> [WHAT TO PRODUCE] From the first line of the records below, transcribe each line exactly up to and including the one with "#3=PRODUCT_CONTEXT('',#1,'mechanical');"; pictures stay out.

----- INFORMATION GIVEN -----

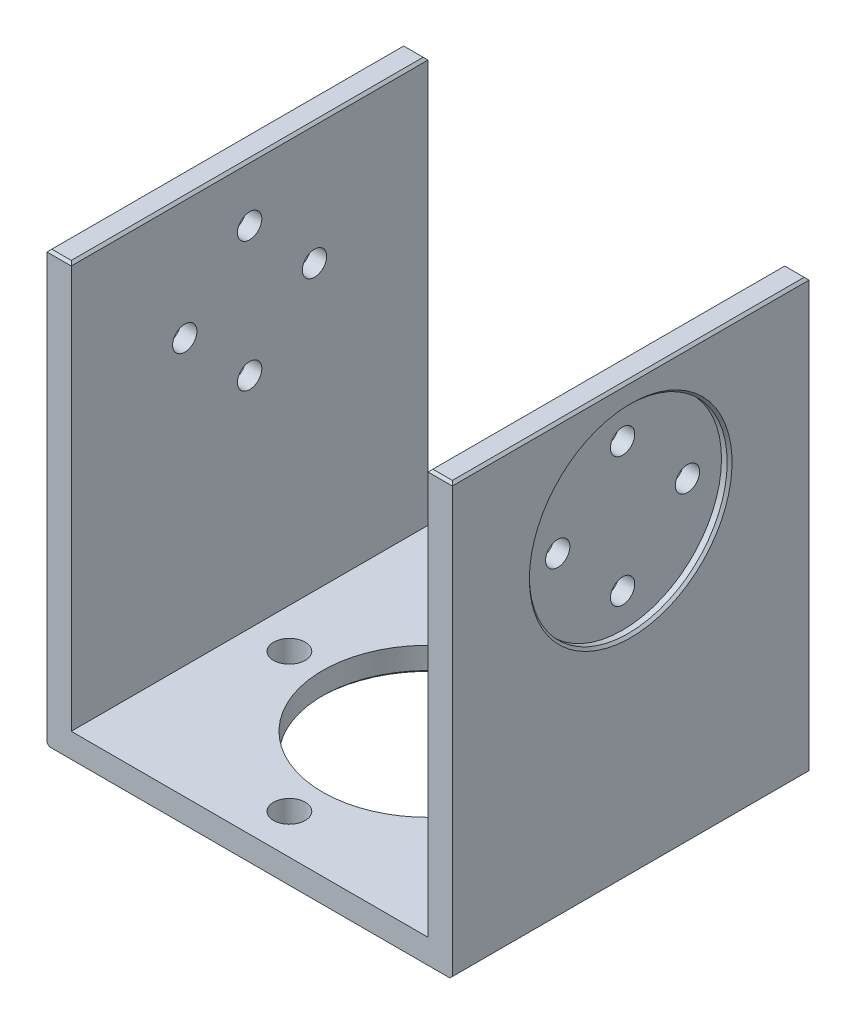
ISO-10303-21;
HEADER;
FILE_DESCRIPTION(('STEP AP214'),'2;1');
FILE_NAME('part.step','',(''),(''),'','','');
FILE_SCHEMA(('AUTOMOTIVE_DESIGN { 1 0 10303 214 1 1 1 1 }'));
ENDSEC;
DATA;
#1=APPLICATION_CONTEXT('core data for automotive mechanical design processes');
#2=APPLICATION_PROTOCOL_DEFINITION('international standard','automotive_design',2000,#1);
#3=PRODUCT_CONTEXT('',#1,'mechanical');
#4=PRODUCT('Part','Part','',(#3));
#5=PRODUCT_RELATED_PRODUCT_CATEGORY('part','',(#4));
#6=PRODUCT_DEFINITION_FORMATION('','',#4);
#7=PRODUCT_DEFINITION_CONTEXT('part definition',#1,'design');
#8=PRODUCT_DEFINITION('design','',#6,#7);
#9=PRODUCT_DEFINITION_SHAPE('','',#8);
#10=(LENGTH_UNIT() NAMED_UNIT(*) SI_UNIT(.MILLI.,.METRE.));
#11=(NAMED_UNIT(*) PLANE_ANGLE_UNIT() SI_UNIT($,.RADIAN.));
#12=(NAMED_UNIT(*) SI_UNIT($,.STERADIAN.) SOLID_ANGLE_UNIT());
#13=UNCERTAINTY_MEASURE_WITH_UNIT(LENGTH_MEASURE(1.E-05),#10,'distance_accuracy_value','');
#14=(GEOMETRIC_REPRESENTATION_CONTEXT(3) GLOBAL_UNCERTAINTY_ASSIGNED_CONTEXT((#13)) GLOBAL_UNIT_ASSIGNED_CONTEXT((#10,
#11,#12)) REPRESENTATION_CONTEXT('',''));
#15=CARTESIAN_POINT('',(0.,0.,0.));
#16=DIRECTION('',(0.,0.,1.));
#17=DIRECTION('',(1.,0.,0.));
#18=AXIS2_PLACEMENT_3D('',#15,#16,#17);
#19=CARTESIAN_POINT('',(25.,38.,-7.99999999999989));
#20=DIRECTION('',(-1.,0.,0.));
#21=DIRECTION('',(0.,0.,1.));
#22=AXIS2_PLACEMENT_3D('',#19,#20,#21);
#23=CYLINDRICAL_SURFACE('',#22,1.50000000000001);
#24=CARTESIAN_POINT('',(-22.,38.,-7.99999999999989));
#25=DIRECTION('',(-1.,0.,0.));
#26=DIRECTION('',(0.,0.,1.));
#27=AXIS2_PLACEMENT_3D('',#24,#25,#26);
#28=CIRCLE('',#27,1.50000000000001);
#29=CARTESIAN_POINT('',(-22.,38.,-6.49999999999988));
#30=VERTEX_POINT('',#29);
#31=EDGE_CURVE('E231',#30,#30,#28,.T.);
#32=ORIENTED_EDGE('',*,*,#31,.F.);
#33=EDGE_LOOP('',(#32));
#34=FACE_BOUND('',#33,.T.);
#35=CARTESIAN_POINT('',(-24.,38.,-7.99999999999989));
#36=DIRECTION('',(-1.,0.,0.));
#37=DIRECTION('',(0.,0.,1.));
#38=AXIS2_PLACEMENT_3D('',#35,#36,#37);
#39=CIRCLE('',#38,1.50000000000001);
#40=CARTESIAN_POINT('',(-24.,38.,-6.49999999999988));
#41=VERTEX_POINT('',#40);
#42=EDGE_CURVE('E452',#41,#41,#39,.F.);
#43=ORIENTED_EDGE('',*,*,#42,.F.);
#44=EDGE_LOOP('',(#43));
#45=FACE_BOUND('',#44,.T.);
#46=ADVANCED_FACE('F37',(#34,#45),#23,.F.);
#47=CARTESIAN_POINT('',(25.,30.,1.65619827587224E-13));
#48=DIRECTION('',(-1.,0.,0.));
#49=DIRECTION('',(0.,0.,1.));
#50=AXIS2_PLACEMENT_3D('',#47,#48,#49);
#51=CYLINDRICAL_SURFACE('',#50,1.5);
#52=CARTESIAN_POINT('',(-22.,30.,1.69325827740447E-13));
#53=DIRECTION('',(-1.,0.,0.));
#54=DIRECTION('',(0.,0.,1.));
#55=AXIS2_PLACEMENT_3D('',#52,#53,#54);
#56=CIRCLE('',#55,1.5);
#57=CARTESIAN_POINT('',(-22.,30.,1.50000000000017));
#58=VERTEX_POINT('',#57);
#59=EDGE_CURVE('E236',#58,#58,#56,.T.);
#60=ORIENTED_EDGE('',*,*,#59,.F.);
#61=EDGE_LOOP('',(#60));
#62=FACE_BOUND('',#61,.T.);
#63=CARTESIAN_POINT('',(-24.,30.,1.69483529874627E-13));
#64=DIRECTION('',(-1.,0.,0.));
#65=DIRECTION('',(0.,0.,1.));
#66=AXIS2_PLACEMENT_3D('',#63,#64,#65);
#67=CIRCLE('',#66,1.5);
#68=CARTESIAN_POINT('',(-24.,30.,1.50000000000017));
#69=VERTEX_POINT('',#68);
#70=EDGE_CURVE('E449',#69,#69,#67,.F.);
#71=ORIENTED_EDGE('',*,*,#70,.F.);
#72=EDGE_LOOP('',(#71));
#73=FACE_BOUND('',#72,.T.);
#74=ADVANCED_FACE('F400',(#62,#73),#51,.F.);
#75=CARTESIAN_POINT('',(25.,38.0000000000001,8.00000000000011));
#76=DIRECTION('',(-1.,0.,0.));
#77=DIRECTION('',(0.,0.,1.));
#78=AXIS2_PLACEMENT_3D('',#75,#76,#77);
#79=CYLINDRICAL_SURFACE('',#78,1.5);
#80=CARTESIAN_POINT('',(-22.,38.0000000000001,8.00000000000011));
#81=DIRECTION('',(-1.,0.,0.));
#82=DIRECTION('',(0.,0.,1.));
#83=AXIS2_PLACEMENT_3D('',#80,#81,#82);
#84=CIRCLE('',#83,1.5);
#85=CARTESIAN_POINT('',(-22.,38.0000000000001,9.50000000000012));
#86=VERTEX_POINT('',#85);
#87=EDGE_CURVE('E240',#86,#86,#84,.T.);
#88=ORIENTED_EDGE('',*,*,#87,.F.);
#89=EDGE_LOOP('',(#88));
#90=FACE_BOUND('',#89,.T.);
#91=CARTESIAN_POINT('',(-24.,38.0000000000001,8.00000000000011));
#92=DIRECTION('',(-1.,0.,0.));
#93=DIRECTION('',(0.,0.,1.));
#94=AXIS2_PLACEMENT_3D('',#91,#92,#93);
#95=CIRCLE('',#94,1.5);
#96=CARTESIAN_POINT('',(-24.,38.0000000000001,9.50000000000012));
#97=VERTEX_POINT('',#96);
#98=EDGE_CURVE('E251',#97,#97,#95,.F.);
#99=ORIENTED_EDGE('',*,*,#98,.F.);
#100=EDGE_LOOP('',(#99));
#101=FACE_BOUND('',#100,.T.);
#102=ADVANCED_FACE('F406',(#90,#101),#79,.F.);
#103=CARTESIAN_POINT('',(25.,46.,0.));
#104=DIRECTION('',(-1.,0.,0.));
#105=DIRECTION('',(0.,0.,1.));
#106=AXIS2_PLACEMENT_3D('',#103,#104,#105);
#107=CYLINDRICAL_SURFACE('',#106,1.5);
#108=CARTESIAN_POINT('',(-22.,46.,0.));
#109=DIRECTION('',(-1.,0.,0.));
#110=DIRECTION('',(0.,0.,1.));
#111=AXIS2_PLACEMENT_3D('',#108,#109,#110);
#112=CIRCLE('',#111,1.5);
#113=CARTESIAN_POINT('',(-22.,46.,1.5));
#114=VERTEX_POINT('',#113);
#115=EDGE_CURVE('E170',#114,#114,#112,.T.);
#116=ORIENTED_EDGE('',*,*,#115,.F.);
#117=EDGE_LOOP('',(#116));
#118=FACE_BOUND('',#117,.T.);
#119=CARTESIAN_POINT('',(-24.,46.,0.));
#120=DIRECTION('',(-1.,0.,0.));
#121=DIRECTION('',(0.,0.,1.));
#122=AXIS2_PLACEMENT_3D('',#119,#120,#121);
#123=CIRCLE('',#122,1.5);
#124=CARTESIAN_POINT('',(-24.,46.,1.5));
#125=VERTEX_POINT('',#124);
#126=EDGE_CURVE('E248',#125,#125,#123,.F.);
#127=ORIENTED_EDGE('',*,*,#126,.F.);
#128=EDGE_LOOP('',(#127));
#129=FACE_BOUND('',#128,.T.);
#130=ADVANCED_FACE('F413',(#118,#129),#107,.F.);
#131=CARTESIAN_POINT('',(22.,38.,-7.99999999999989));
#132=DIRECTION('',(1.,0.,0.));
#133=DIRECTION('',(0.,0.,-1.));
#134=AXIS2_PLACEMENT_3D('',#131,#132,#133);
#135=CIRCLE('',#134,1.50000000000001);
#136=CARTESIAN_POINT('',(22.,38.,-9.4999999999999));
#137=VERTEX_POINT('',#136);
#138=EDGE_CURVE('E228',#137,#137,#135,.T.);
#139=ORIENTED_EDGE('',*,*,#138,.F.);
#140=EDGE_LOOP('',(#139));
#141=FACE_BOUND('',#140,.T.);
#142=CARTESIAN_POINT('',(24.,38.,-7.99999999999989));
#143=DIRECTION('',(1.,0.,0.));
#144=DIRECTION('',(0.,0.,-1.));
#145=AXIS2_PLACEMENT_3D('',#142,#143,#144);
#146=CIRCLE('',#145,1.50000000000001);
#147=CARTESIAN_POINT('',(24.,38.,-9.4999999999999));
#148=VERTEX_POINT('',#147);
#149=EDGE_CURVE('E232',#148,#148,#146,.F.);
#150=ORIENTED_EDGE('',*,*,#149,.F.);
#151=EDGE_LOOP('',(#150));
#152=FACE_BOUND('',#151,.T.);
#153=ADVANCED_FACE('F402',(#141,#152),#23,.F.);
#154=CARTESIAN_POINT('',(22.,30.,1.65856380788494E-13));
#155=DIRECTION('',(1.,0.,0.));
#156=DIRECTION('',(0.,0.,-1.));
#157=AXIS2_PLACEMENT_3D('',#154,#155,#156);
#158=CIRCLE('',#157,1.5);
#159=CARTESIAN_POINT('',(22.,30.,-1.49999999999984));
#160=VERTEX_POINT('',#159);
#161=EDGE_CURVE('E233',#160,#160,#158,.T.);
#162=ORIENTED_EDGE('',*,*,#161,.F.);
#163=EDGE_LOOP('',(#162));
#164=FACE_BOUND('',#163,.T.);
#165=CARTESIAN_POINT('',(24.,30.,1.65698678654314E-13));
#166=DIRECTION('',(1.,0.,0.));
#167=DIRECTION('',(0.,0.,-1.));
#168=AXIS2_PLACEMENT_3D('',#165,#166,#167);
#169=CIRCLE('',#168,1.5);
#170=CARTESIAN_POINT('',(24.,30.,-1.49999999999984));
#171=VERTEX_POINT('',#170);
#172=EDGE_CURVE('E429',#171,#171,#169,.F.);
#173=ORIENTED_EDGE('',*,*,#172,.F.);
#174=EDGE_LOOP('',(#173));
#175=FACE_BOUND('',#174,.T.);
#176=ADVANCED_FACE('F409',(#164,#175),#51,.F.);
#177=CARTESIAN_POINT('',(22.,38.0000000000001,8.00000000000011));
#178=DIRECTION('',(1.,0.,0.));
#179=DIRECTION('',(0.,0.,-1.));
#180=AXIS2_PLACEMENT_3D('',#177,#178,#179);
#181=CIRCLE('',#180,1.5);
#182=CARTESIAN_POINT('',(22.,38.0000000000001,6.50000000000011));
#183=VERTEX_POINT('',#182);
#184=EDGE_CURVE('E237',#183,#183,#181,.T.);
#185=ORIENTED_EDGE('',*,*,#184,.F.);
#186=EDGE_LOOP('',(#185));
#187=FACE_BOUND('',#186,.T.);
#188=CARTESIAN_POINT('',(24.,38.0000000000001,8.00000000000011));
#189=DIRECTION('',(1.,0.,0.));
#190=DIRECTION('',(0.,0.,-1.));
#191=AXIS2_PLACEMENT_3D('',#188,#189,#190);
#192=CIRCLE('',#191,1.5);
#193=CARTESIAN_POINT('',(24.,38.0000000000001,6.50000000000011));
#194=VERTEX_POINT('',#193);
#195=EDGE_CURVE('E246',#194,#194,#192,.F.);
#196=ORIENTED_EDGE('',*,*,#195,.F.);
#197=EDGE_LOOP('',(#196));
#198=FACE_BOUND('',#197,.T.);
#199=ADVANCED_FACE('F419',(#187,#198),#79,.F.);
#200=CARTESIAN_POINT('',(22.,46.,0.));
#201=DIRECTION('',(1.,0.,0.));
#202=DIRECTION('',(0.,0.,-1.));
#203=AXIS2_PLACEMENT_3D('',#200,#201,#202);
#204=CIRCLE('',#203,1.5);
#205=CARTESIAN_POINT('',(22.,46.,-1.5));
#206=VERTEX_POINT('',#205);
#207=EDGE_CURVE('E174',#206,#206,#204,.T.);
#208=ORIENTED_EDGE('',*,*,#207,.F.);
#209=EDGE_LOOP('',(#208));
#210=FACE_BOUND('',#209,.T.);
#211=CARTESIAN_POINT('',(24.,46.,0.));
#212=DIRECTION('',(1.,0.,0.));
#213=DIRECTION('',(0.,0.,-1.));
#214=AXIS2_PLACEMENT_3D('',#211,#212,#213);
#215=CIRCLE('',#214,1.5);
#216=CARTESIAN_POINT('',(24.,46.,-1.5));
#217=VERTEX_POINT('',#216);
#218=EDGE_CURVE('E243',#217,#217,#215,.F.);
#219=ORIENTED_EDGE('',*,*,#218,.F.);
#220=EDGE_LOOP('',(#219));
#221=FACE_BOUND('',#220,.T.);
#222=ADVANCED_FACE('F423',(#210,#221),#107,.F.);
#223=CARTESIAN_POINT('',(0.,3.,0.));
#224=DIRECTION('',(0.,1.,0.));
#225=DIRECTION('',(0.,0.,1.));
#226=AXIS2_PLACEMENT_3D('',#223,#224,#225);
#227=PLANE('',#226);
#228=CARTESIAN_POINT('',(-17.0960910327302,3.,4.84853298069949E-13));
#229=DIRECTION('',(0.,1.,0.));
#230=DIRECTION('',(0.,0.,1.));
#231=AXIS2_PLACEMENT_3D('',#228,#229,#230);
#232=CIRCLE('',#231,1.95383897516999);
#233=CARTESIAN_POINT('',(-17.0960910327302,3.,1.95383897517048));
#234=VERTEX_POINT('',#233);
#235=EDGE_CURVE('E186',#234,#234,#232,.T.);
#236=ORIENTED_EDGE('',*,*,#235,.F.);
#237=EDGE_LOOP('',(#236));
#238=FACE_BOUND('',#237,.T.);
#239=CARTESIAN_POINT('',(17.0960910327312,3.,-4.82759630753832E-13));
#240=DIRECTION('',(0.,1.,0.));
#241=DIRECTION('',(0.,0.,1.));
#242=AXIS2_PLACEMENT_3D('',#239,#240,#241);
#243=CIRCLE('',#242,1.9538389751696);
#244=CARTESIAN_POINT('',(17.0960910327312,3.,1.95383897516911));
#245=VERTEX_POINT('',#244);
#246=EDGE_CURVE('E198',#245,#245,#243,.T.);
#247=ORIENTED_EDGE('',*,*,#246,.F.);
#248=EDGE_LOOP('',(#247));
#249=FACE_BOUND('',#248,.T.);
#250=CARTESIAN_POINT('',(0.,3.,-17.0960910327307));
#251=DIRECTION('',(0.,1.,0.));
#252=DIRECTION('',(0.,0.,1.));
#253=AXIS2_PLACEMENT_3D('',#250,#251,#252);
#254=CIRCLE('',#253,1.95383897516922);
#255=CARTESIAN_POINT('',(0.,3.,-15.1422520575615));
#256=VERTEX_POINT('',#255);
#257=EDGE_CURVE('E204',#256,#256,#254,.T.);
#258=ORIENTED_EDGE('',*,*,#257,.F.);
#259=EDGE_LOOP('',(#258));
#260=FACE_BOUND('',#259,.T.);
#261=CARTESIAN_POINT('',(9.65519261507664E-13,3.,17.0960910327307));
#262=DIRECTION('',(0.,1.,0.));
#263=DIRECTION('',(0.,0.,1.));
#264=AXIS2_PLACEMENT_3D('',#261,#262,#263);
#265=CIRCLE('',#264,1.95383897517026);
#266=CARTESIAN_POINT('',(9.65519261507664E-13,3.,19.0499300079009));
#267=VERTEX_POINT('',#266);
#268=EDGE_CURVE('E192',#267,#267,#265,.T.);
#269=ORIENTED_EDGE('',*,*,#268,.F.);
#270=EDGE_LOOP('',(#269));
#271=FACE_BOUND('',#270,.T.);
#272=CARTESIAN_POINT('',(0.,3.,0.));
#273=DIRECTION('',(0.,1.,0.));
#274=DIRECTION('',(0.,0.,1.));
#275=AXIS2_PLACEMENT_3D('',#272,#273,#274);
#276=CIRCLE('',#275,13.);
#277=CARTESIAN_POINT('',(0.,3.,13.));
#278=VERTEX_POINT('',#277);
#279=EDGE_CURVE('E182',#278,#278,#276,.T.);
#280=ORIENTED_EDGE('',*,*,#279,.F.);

-----

> [SOLUTION BELOW]
ISO-10303-21;
HEADER;
FILE_DESCRIPTION(('STEP AP214'),'2;1');
FILE_NAME('part.step','',(''),(''),'','','');
FILE_SCHEMA(('AUTOMOTIVE_DESIGN { 1 0 10303 214 1 1 1 1 }'));
ENDSEC;
DATA;
#1=APPLICATION_CONTEXT('core data for automotive mechanical design processes');
#2=APPLICATION_PROTOCOL_DEFINITION('international standard','automotive_design',2000,#1);
#3=PRODUCT_CONTEXT('',#1,'mechanical');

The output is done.